§ About this task
Begin at the line containing "blk.add_line((-0.5, -0.5), (0.5, 0.5), dxfattribs=at)" in the entries below and end at the line containing "blk.add_blockref('_Oblique', (15703.5, -4080.4), dxfattribs=at)"; transcribe that range exactly and nothing outside it.
(Dataset records Opens)
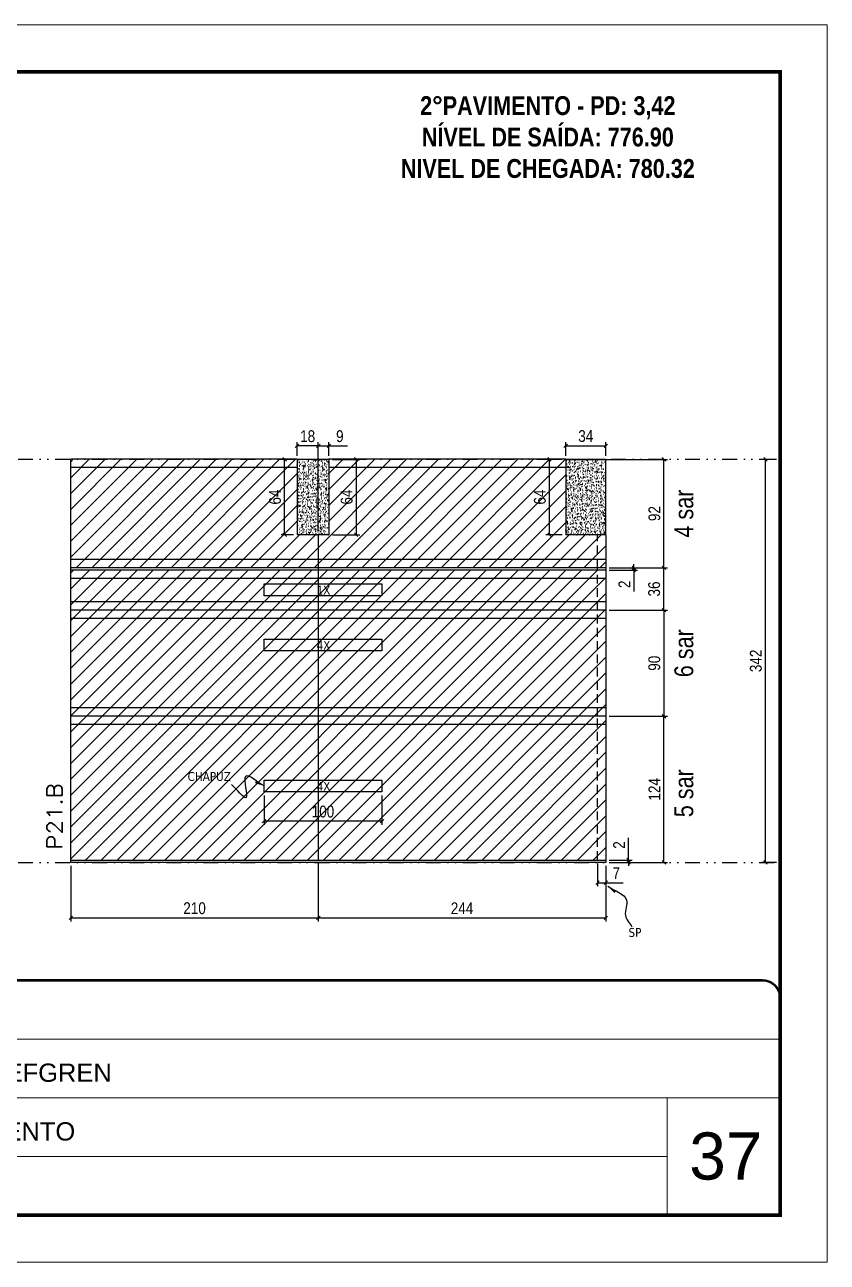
# Model space of a CAD drawing. Extents: x 14400 to 27878, y -21631 to 6985.
# Drawn here: x 15217 to 15898, y -4402 to -3352 of the extents above; entities that cross this region are included whole.
import ezdxf

# ---------------------------------------------------------------- set-up
doc = ezdxf.new("R2010")
doc.units = 0
for name, pattern in [('CONTINUO', [0]), ('DASHED', [0.75, 0.5, -0.25]), ('DIVIDE2', [0.625, 0.25, -0.125, 0, -0.125, 0, -0.125]), ('HIDDEN', [0.375, 0.25, -0.125])]:
    doc.linetypes.add(name, pattern=pattern)
for name, color, linetype, lineweight in [('CARIMBO', 255, 'Continuous', 9), ('Folhas', 255, 'Continuous', 9), ('Hachura', 251, 'Continuous', 9), ('SARRAFO DE PRESSAO', 251, 'DASHED', 9), ('Texto Seção', 7, 'Continuous', 15)]:
    doc.layers.add(name, color=color, linetype=linetype, lineweight=lineweight)
for name, color, linetype in [('COTA', 241, 'Continuous'), ('NOMENCLATURA', 7, 'Continuous'), ('Nível', 160, 'Continuous'), ('Painéis', 200, 'Continuous'), ('SARR_2.2x10', 60, 'Continuous'), ('SARR_2.2x7', 40, 'Continuous'), ('Sarrafo de Pressão', 42, 'HIDDEN'), ('texto', 7, 'Continuous')]:
    doc.layers.add(name, color=color, linetype=linetype)
doc.styles.add('ARIAL', font='arial.ttf')
doc.styles.add('ARIAL_NARROW', font='ARIALN.TTF', dxfattribs={"height": 0.2})
doc.styles.add('COTA TECNICA', font='techl___.ttf', dxfattribs={"height": 10})
doc.styles.add('COTA TECNICA-50', font='techl___.ttf', dxfattribs={"height": 10})
doc.styles.add('REGUA-120', font='ROMANS.shx', dxfattribs={"height": 15})
doc.styles.add('ROMANC', font='techb___.ttf', dxfattribs={"height": 2.5})
doc.styles.get("Standard").update_dxf_attribs({"font": 'arial.ttf'})
doc.dimstyles.new('COTA PAINEL-50', dxfattribs={"dimtxt": 10, "dimasz": 3, "dimexe": 3, "dimexo": 3, "dimgap": 3, "dimtad": 1, "dimdec": 1, "dimzin": 12, "dimdsep": 46, "dimtxsty": 'COTA TECNICA-50', "dimblk1": 'OBLIQUE', "dimblk2": 'OBLIQUE', "dimsah": 1, "dimcen": 0.9, "dimclrd": 4, "dimclre": 4, "dimclrt": 240, "dimadec": 1, "dimazin": 3, "dimtfac": 1, "dimtdec": 1, "dimtmove": 0, "dimatfit": 3, "dimfxl": 1, "dimtolj": 1, "dimtzin": 12, "dimarcsym": 0})
doc.dimstyles.new('PAINEL', dxfattribs={"dimtxt": 10, "dimasz": 3, "dimexe": 3, "dimexo": 3, "dimgap": 3, "dimtad": 1, "dimdec": 1, "dimzin": 12, "dimdsep": 46, "dimtxsty": 'COTA TECNICA', "dimblk1": 'OBLIQUE', "dimblk2": 'OBLIQUE', "dimsah": 1, "dimcen": 0.9, "dimclrd": 4, "dimclre": 4, "dimclrt": 240, "dimadec": 1, "dimazin": 3, "dimtfac": 1, "dimtdec": 1, "dimtmove": 0, "dimatfit": 3, "dimfxl": 1, "dimtolj": 1, "dimtzin": 12, "dimarcsym": 0})
doc.dimstyles.get("Standard").update_dxf_attribs({"dimtxt": 0.18, "dimasz": 0.18, "dimexe": 0.18, "dimexo": 0.0625, "dimgap": 0.09, "dimtad": 0, "dimtih": 1, "dimtoh": 1, "dimdec": 4, "dimzin": 0, "dimdsep": 46, "dimtxsty": 'Standard', "dimcen": 0.09, "dimadec": 0, "dimazin": 0, "dimtfac": 1, "dimtdec": 4, "dimtofl": 0, "dimtmove": 0, "dimatfit": 3, "dimfxl": 1, "dimtolj": 1, "dimtzin": 0, "dimarcsym": 0})
pattern_1 = [(50, (0, 1166.575), (5.4655401, -0.4781726), [0.5715, -6.2865]), (355, (0, 1166.575), (-1.0573026, 5.7317054), [0.4572, -5.0292175]), (100.451445, (0.4555, 1166.535), (4.4082374, 5.2535326), [0.4857003, -5.3427073]), (46.1842, (0, 1168.099), (8.1323712, -1.2612698), [0.85725, -9.42975]), (96.63556, (0.678, 1167.994), (7.122124, 7.4227837), [0.7285507, -8.0140682]), (351.18415, (0, 1168.099), (7.122124, 7.4227837), [0.685799, -7.543792]), (21, (0.762, 1167.718), (4.5484317, -3.067956), [0.5715, -6.2865]), (326, (0.762, 1167.718), (1.8540609, 5.525639), [0.4572, -5.0292]), (71.451445, (1.141, 1167.4624), (6.4024926, 2.457683), [0.4857003, -5.3426981]), (37.5, (0, 1166.5751), (0.0926581, 2.53665117), [0, -4.96824, 0, -5.1054, 0, -5.04825]), (7.5, (0, 1166.575), (2.00458988, 3.00541724), [0, -2.91084, 0, -4.85394, 0, -1.92405]), (327.5, (-1.6993, 1166.5751), (4.06771786, -0.17186232), [0, -1.905, 0, -5.9436, 0, -7.8867]), (317.5, (-2.4613, 1166.575), (4.44387544, 0.7627947), [0, -2.4765, 0, -3.94716, 0, -5.6007])]

# ---------------------------------------------------------------- blocks, each defined once
blk = doc.blocks.new('9999999999')
at = {"color": 30, "linetype": 'CONTINUO'}
for p, q in [((98564.6, 34379.6), (99584, 34379.6)), ((98564.6, 34329.8), (99488, 34329.8)), ((99584, 34329.8), (99488, 34329.8)), ((99488, 34329.8), (99488, 34230.2)), ((98564.6, 34280), (99488, 34280))]:
    blk.add_line(p, q, dxfattribs=at)
at = {"color": 30, "linetype": 'CONTINUO', "const_width": 2}
blk.add_lwpolyline([(99584, 34230.2), (99584, 34414.4, 0.414214), (99569, 34429.4), (98229, 34429.4, 0.414214), (98214, 34414.4), (98214, 34245.2, 0.414214), (98229, 34230.2), (99584, 34230.2)], format="xyb", dxfattribs=at)
at = {"layer": 'Folhas'}
blk.add_lwpolyline([(98139, 34190.2), (99624, 34190.2), (99624, 35240.2), (98139, 35240.2)], close=True, dxfattribs=at)
at = {"layer": 'Folhas', "color": 30, "const_width": 3}
blk.add_lwpolyline([(98214, 34230.2), (99584, 34230.2), (99584, 35200.2), (98214, 35200.2)], close=True, dxfattribs=at)
at = {"color": 7, "linetype": 'Continuous', "ltscale": 5, "style": 'ARIAL'}
for s, p in [('LEAF LOEFGREN', (98837.7, 34343.3)), ('2°PAVIMENTO', (98837.7, 34293.5))]:
    blk.add_text(s, height=15.483, dxfattribs=at).set_placement(p)
blk = doc.blocks.new('_Oblique')
at = {"color": 0, "linetype": 'ByBlock', "lineweight": -2}
blk.add_line((-0.5, -0.5), (0.5, 0.5), dxfattribs=at)
blk = doc.blocks.new('*D1210')
at = {"layer": 'COTA', "color": 4, "lineweight": -2, "transparency": 16777216}
for p, q in [((15703.5, -4064.2), (15703.5, -4083.4)), ((15710.5, -4066.2), (15710.5, -4083.4)), ((15703.5, -4080.4), (15710.5, -4080.4)), ((15710.5, -4080.4), (15725.2, -4080.4))]:
    blk.add_line(p, q, dxfattribs=at)
at = {"layer": 'Defpoints', "color": 0, "transparency": 16777216}
for p in [(15703.5, -4061.2), (15710.5, -4063.2), (15710.5, -4080.4)]:
    blk.add_point(p, dxfattribs=at)
at = {"layer": 'COTA', "color": 4, "lineweight": -2, "transparency": 16777216, "xscale": 3, "yscale": 3, "zscale": 3, "rotation": 180}
blk.add_blockref('_Oblique', (15703.5, -4080.4), dxfattribs=at)
at = {"layer": 'COTA', "color": 4, "lineweight": -2, "transparency": 16777216, "xscale": 3, "yscale": 3, "zscale": 3}
blk.add_blockref('_Oblique', (15710.5, -4080.4), dxfattribs=at)
at = {"layer": 'COTA', "color": 240, "transparency": 16777216, "insert": (15719.4, -4072.3), "char_height": 10, "attachment_point": 5, "style": 'COTA TECNICA-50'}
blk.add_mtext('\\A1;7', dxfattribs=at)
blk = doc.blocks.new('*D1211')
at = {"layer": 'COTA', "color": 4, "lineweight": -2, "transparency": 16777216}
for p, q in [((15729.8, -4061.2), (15729.8, -4042.4)), ((15713.5, -4061.2), (15732.8, -4061.2)), ((15713.5, -4063.2), (15732.8, -4063.2)), ((15729.8, -4063.2), (15729.8, -4061.2)), ((15729.8, -4063.2), (15729.8, -4066.2))]:
    blk.add_line(p, q, dxfattribs=at)
at = {"layer": 'Defpoints', "color": 0, "transparency": 16777216}
for p in [(15710.5, -4061.2), (15710.5, -4063.2), (15729.8, -4063.2)]:
    blk.add_point(p, dxfattribs=at)
at = {"layer": 'COTA', "color": 4, "lineweight": -2, "transparency": 16777216, "xscale": 3, "yscale": 3, "zscale": 3}
for p, rotation in [((15729.8, -4061.2), 270), ((15729.8, -4063.2), 90)]:
    blk.add_blockref('_Oblique', p, dxfattribs=dict(at, rotation=rotation))
at = {"layer": 'COTA', "color": 240, "transparency": 16777216, "insert": (15721.8, -4048.4), "char_height": 10, "attachment_point": 5, "rotation": 90, "style": 'COTA TECNICA-50'}
blk.add_mtext('\\A1;2', dxfattribs=at)
blk = doc.blocks.new('*D1227')
at = {"layer": 'COTA', "color": 4, "linetype": 'ByBlock', "lineweight": -2, "transparency": 16777216}
for p, q in [((15420.5, -4006.3), (15420.5, -4031.2)), ((15520.5, -4006.3), (15520.5, -4031.2)), ((15520.5, -4028.2), (15420.5, -4028.2))]:
    blk.add_line(p, q, dxfattribs=at)
at = {"layer": 'Defpoints', "color": 0, "linetype": 'ByBlock', "transparency": 16777216}
for p in [(15420.5, -4003.3), (15520.5, -4003.3), (15420.5, -4028.2)]:
    blk.add_point(p, dxfattribs=at)
at = {"layer": 'COTA', "color": 4, "linetype": 'ByBlock', "lineweight": -2, "transparency": 16777216, "xscale": 3, "yscale": 3, "zscale": 3, "rotation": 180}
blk.add_blockref('_Oblique', (15420.5, -4028.2), dxfattribs=at)
at = {"layer": 'COTA', "color": 4, "linetype": 'ByBlock', "lineweight": -2, "transparency": 16777216, "xscale": 3, "yscale": 3, "zscale": 3}
blk.add_blockref('_Oblique', (15520.5, -4028.2), dxfattribs=at)
at = {"layer": 'COTA', "color": 240, "linetype": 'ByBlock', "transparency": 16777216, "insert": (15470.5, -4020.1), "char_height": 10, "attachment_point": 5, "style": 'COTA TECNICA'}
blk.add_mtext('\\A1;100', dxfattribs=at)
blk = doc.blocks.new('*D1228')
at = {"layer": 'COTA', "color": 4, "lineweight": -2, "transparency": 16777216}
for p, q in [((15256.5, -4066.2), (15256.5, -4113.2)), ((15466.5, -4064.2), (15466.5, -4113.2)), ((15256.5, -4110.2), (15466.5, -4110.2))]:
    blk.add_line(p, q, dxfattribs=at)
at = {"layer": 'Defpoints', "color": 0, "transparency": 16777216}
for p in [(15256.5, -4063.2), (15466.5, -4061.2), (15466.5, -4110.2)]:
    blk.add_point(p, dxfattribs=at)
at = {"layer": 'COTA', "color": 4, "lineweight": -2, "transparency": 16777216, "xscale": 3, "yscale": 3, "zscale": 3, "rotation": 180}
blk.add_blockref('_Oblique', (15256.5, -4110.2), dxfattribs=at)
at = {"layer": 'COTA', "color": 4, "lineweight": -2, "transparency": 16777216, "xscale": 3, "yscale": 3, "zscale": 3}
blk.add_blockref('_Oblique', (15466.5, -4110.2), dxfattribs=at)
at = {"layer": 'COTA', "color": 240, "transparency": 16777216, "insert": (15361.5, -4102.1), "char_height": 10, "attachment_point": 5, "style": 'COTA TECNICA'}
blk.add_mtext('\\A1;210', dxfattribs=at)
blk = doc.blocks.new('*D1229')
at = {"layer": 'COTA', "color": 4, "lineweight": -2, "transparency": 16777216}
for p, q in [((15466.5, -4064.2), (15466.5, -4113.2)), ((15710.5, -4066.2), (15710.5, -4113.2)), ((15466.5, -4110.2), (15710.5, -4110.2))]:
    blk.add_line(p, q, dxfattribs=at)
at = {"layer": 'Defpoints', "color": 0, "transparency": 16777216}
for p in [(15466.5, -4061.2), (15710.5, -4063.2), (15710.5, -4110.2)]:
    blk.add_point(p, dxfattribs=at)
at = {"layer": 'COTA', "color": 4, "lineweight": -2, "transparency": 16777216, "xscale": 3, "yscale": 3, "zscale": 3, "rotation": 180}
blk.add_blockref('_Oblique', (15466.5, -4110.2), dxfattribs=at)
at = {"layer": 'COTA', "color": 4, "lineweight": -2, "transparency": 16777216, "xscale": 3, "yscale": 3, "zscale": 3}
blk.add_blockref('_Oblique', (15710.5, -4110.2), dxfattribs=at)
at = {"layer": 'COTA', "color": 240, "transparency": 16777216, "insert": (15588.5, -4102.1), "char_height": 10, "attachment_point": 5, "style": 'COTA TECNICA'}
blk.add_mtext('\\A1;244', dxfattribs=at)
blk = doc.blocks.new('*D1240')
at = {"layer": 'COTA', "color": 4, "lineweight": -2, "transparency": 16777216}
for p, q in [((15713.5, -3939.2), (15762.9, -3939.2)), ((15759.9, -4063.2), (15759.9, -3939.2)), ((15713.5, -4063.2), (15762.9, -4063.2))]:
    blk.add_line(p, q, dxfattribs=at)
at = {"layer": 'Defpoints', "color": 0, "transparency": 16777216}
for p in [(15710.5, -3939.2), (15759.9, -3939.2), (15710.5, -4063.2)]:
    blk.add_point(p, dxfattribs=at)
at = {"layer": 'COTA', "color": 4, "lineweight": -2, "transparency": 16777216, "xscale": 3, "yscale": 3, "zscale": 3}
for p, rotation in [((15759.9, -3939.2), 90), ((15759.9, -4063.2), 270)]:
    blk.add_blockref('_Oblique', p, dxfattribs=dict(at, rotation=rotation))
at = {"layer": 'COTA', "color": 240, "transparency": 16777216, "insert": (15751.8, -4001.2), "char_height": 10, "attachment_point": 5, "rotation": 90, "style": 'COTA TECNICA'}
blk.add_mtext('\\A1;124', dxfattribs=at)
(Dataset records Closes)
§ Final answer
blk.add_line((-0.5, -0.5), (0.5, 0.5), dxfattribs=at)
blk = doc.blocks.new('*D1210')
at = {"layer": 'COTA', "color": 4, "lineweight": -2, "transparency": 16777216}
for p, q in [((15703.5, -4064.2), (15703.5, -4083.4)), ((15710.5, -4066.2), (15710.5, -4083.4)), ((15703.5, -4080.4), (15710.5, -4080.4)), ((15710.5, -4080.4), (15725.2, -4080.4))]:
    blk.add_line(p, q, dxfattribs=at)
at = {"layer": 'Defpoints', "color": 0, "transparency": 16777216}
for p in [(15703.5, -4061.2), (15710.5, -4063.2), (15710.5, -4080.4)]:
    blk.add_point(p, dxfattribs=at)
at = {"layer": 'COTA', "color": 4, "lineweight": -2, "transparency": 16777216, "xscale": 3, "yscale": 3, "zscale": 3, "rotation": 180}
blk.add_blockref('_Oblique', (15703.5, -4080.4), dxfattribs=at)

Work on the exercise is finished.